- [WORK ORDER]: Would you please write out the records below exactly as they appear?

- [THE DATA]:

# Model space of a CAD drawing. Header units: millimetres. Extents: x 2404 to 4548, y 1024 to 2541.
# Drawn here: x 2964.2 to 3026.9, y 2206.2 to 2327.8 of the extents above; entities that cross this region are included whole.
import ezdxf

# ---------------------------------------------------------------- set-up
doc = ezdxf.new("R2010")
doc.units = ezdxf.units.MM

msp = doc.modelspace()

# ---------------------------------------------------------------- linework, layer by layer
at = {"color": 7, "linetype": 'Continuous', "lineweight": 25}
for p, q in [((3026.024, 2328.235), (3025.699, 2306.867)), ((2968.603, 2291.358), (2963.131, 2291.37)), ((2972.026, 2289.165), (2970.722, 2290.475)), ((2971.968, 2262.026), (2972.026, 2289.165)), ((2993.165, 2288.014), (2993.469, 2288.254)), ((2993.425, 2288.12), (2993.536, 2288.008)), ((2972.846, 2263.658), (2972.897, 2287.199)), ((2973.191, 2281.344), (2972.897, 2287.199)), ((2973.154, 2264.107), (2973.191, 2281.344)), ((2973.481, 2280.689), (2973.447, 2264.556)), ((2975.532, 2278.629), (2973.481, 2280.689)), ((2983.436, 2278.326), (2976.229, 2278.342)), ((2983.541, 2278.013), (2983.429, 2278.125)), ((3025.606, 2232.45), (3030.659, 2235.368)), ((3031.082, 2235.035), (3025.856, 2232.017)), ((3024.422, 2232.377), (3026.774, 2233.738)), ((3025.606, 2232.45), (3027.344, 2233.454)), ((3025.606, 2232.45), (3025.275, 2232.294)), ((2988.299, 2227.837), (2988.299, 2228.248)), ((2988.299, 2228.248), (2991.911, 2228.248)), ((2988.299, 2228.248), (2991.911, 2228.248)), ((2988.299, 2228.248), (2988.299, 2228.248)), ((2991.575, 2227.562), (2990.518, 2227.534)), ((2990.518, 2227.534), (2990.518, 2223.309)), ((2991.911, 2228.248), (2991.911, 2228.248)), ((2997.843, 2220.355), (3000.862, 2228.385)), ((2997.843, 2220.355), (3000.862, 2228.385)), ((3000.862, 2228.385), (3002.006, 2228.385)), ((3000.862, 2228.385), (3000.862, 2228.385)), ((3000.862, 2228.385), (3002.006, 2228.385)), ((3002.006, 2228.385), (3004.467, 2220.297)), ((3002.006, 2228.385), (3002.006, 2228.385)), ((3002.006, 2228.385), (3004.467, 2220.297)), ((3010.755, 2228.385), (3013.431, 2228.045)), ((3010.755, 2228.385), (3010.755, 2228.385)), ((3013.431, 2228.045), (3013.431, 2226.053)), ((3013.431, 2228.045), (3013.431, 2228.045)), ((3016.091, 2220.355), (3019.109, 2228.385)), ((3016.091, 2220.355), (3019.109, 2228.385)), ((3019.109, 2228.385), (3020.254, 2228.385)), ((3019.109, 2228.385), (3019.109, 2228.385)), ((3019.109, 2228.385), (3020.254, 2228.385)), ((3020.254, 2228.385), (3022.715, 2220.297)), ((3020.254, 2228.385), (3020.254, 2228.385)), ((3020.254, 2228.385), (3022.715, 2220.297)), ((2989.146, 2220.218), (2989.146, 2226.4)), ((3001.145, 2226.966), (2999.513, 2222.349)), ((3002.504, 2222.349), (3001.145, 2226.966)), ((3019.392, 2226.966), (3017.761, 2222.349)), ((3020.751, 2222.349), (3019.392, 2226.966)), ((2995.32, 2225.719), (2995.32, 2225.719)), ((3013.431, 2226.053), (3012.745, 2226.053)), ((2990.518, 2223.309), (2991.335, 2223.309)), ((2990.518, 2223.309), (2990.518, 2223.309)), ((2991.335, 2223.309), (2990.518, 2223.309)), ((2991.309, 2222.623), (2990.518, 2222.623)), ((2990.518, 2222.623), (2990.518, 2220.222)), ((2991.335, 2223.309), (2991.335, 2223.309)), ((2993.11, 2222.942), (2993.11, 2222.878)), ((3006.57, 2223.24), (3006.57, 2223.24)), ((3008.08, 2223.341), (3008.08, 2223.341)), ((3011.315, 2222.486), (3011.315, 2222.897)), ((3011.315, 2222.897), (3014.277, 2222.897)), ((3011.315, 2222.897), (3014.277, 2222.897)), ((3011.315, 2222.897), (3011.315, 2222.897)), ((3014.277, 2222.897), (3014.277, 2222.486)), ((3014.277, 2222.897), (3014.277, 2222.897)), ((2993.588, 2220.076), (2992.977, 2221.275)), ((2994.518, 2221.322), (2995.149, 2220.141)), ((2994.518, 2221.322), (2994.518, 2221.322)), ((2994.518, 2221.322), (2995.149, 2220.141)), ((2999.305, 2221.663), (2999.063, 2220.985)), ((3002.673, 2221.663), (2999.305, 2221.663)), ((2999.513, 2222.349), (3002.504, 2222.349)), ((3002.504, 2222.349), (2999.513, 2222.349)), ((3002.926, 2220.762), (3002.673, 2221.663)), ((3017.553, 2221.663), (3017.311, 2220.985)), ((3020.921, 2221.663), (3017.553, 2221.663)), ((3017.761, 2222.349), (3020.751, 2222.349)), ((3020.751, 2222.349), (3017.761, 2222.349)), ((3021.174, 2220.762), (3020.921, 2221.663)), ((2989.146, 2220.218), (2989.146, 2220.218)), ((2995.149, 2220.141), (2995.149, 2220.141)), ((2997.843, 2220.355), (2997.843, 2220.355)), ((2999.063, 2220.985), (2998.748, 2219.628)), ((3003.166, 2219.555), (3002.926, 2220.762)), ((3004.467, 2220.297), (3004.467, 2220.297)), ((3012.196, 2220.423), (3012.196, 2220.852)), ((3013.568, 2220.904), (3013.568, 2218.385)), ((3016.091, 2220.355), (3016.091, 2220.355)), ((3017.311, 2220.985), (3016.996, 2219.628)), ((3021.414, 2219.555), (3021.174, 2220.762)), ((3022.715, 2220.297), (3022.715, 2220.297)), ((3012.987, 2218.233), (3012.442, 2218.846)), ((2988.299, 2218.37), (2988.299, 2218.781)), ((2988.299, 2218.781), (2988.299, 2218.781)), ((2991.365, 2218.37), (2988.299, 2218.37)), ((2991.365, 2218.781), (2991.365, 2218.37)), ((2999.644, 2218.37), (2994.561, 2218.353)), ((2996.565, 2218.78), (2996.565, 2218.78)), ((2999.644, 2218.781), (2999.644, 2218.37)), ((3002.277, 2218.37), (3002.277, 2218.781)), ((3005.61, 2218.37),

- [TASK OUTPUT]:
# Model space of a CAD drawing. Header units: millimetres. Extents: x 2404 to 4548, y 1024 to 2541.
# Drawn here: x 2964.2 to 3026.9, y 2206.2 to 2327.8 of the extents above; entities that cross this region are included whole.
import ezdxf

# ---------------------------------------------------------------- set-up
doc = ezdxf.new("R2010")
doc.units = ezdxf.units.MM

msp = doc.modelspace()

# ---------------------------------------------------------------- linework, layer by layer
at = {"color": 7, "linetype": 'Continuous', "lineweight": 25}
for p, q in [((3026.024, 2328.235), (3025.699, 2306.867)), ((2968.603, 2291.358), (2963.131, 2291.37)), ((2972.026, 2289.165), (2970.722, 2290.475)), ((2971.968, 2262.026), (2972.026, 2289.165)), ((2993.165, 2288.014), (2993.469, 2288.254)), ((2993.425, 2288.12), (2993.536, 2288.008)), ((2972.846, 2263.658), (2972.897, 2287.199)), ((2973.191, 2281.344), (2972.897, 2287.199)), ((2973.154, 2264.107), (2973.191, 2281.344)), ((2973.481, 2280.689), (2973.447, 2264.556)), ((2975.532, 2278.629), (2973.481, 2280.689)), ((2983.436, 2278.326), (2976.229, 2278.342)), ((2983.541, 2278.013), (2983.429, 2278.125)), ((3025.606, 2232.45), (3030.659, 2235.368)), ((3031.082, 2235.035), (3025.856, 2232.017)), ((3024.422, 2232.377), (3026.774, 2233.738)), ((3025.606, 2232.45), (3027.344, 2233.454)), ((3025.606, 2232.45), (3025.275, 2232.294)), ((2988.299, 2227.837), (2988.299, 2228.248)), ((2988.299, 2228.248), (2991.911, 2228.248)), ((2988.299, 2228.248), (2991.911, 2228.248)), ((2988.299, 2228.248), (2988.299, 2228.248)), ((2991.575, 2227.562), (2990.518, 2227.534)), ((2990.518, 2227.534), (2990.518, 2223.309)), ((2991.911, 2228.248), (2991.911, 2228.248)), ((2997.843, 2220.355), (3000.862, 2228.385)), ((2997.843, 2220.355), (3000.862, 2228.385)), ((3000.862, 2228.385), (3002.006, 2228.385)), ((3000.862, 2228.385), (3000.862, 2228.385)), ((3000.862, 2228.385), (3002.006, 2228.385)), ((3002.006, 2228.385), (3004.467, 2220.297)), ((3002.006, 2228.385), (3002.006, 2228.385)), ((3002.006, 2228.385), (3004.467, 2220.297)), ((3010.755, 2228.385), (3013.431, 2228.045)), ((3010.755, 2228.385), (3010.755, 2228.385)), ((3013.431, 2228.045), (3013.431, 2226.053)), ((3013.431, 2228.045), (3013.431, 2228.045)), ((3016.091, 2220.355), (3019.109, 2228.385)), ((3016.091, 2220.355), (3019.109, 2228.385)), ((3019.109, 2228.385), (3020.254, 2228.385)), ((3019.109, 2228.385), (3019.109, 2228.385)), ((3019.109, 2228.385), (3020.254, 2228.385)), ((3020.254, 2228.385), (3022.715, 2220.297)), ((3020.254, 2228.385), (3020.254, 2228.385)), ((3020.254, 2228.385), (3022.715, 2220.297)), ((2989.146, 2220.218), (2989.146, 2226.4)), ((3001.145, 2226.966), (2999.513, 2222.349)), ((3002.504, 2222.349), (3001.145, 2226.966)), ((3019.392, 2226.966), (3017.761, 2222.349)), ((3020.751, 2222.349), (3019.392, 2226.966)), ((2995.32, 2225.719), (2995.32, 2225.719)), ((3013.431, 2226.053), (3012.745, 2226.053)), ((2990.518, 2223.309), (2991.335, 2223.309)), ((2990.518, 2223.309), (2990.518, 2223.309)), ((2991.335, 2223.309), (2990.518, 2223.309)), ((2991.309, 2222.623), (2990.518, 2222.623)), ((2990.518, 2222.623), (2990.518, 2220.222)), ((2991.335, 2223.309), (2991.335, 2223.309)), ((2993.11, 2222.942), (2993.11, 2222.878)), ((3006.57, 2223.24), (3006.57, 2223.24)), ((3008.08, 2223.341), (3008.08, 2223.341)), ((3011.315, 2222.486), (3011.315, 2222.897)), ((3011.315, 2222.897), (3014.277, 2222.897)), ((3011.315, 2222.897), (3014.277, 2222.897)), ((3011.315, 2222.897), (3011.315, 2222.897)), ((3014.277, 2222.897), (3014.277, 2222.486)), ((3014.277, 2222.897), (3014.277, 2222.897)), ((2993.588, 2220.076), (2992.977, 2221.275)), ((2994.518, 2221.322), (2995.149, 2220.141)), ((2994.518, 2221.322), (2994.518, 2221.322)), ((2994.518, 2221.322), (2995.149, 2220.141)), ((2999.305, 2221.663), (2999.063, 2220.985)), ((3002.673, 2221.663), (2999.305, 2221.663)), ((2999.513, 2222.349), (3002.504, 2222.349)), ((3002.504, 2222.349), (2999.513, 2222.349)), ((3002.926, 2220.762), (3002.673, 2221.663)), ((3017.553, 2221.663), (3017.311, 2220.985)), ((3020.921, 2221.663), (3017.553, 2221.663)), ((3017.761, 2222.349), (3020.751, 2222.349)), ((3020.751, 2222.349), (3017.761, 2222.349)), ((3021.174, 2220.762), (3020.921, 2221.663)), ((2989.146, 2220.218), (2989.146, 2220.218)), ((2995.149, 2220.141), (2995.149, 2220.141)), ((2997.843, 2220.355), (2997.843, 2220.355)), ((2999.063, 2220.985), (2998.748, 2219.628)), ((3003.166, 2219.555), (3002.926, 2220.762)), ((3004.467, 2220.297), (3004.467, 2220.297)), ((3012.196, 2220.423), (3012.196, 2220.852)), ((3013.568, 2220.904), (3013.568, 2218.385)), ((3016.091, 2220.355), (3016.091, 2220.355)), ((3017.311, 2220.985), (3016.996, 2219.628)), ((3021.414, 2219.555), (3021.174, 2220.762)), ((3022.715, 2220.297), (3022.715, 2220.297)), ((3012.987, 2218.233), (3012.442, 2218.846)), ((2988.299, 2218.37), (2988.299, 2218.781)), ((2988.299, 2218.781), (2988.299, 2218.781)), ((2991.365, 2218.37), (2988.299, 2218.37)), ((2991.365, 2218.781), (2991.365, 2218.37)), ((2999.644, 2218.37), (2994.561, 2218.353)), ((2996.565, 2218.78), (2996.565, 2218.78)), ((2999.644, 2218.781), (2999.644, 2218.37)), ((3002.277, 2218.37), (3002.277, 2218.781)), ((3005.61, 2218.37),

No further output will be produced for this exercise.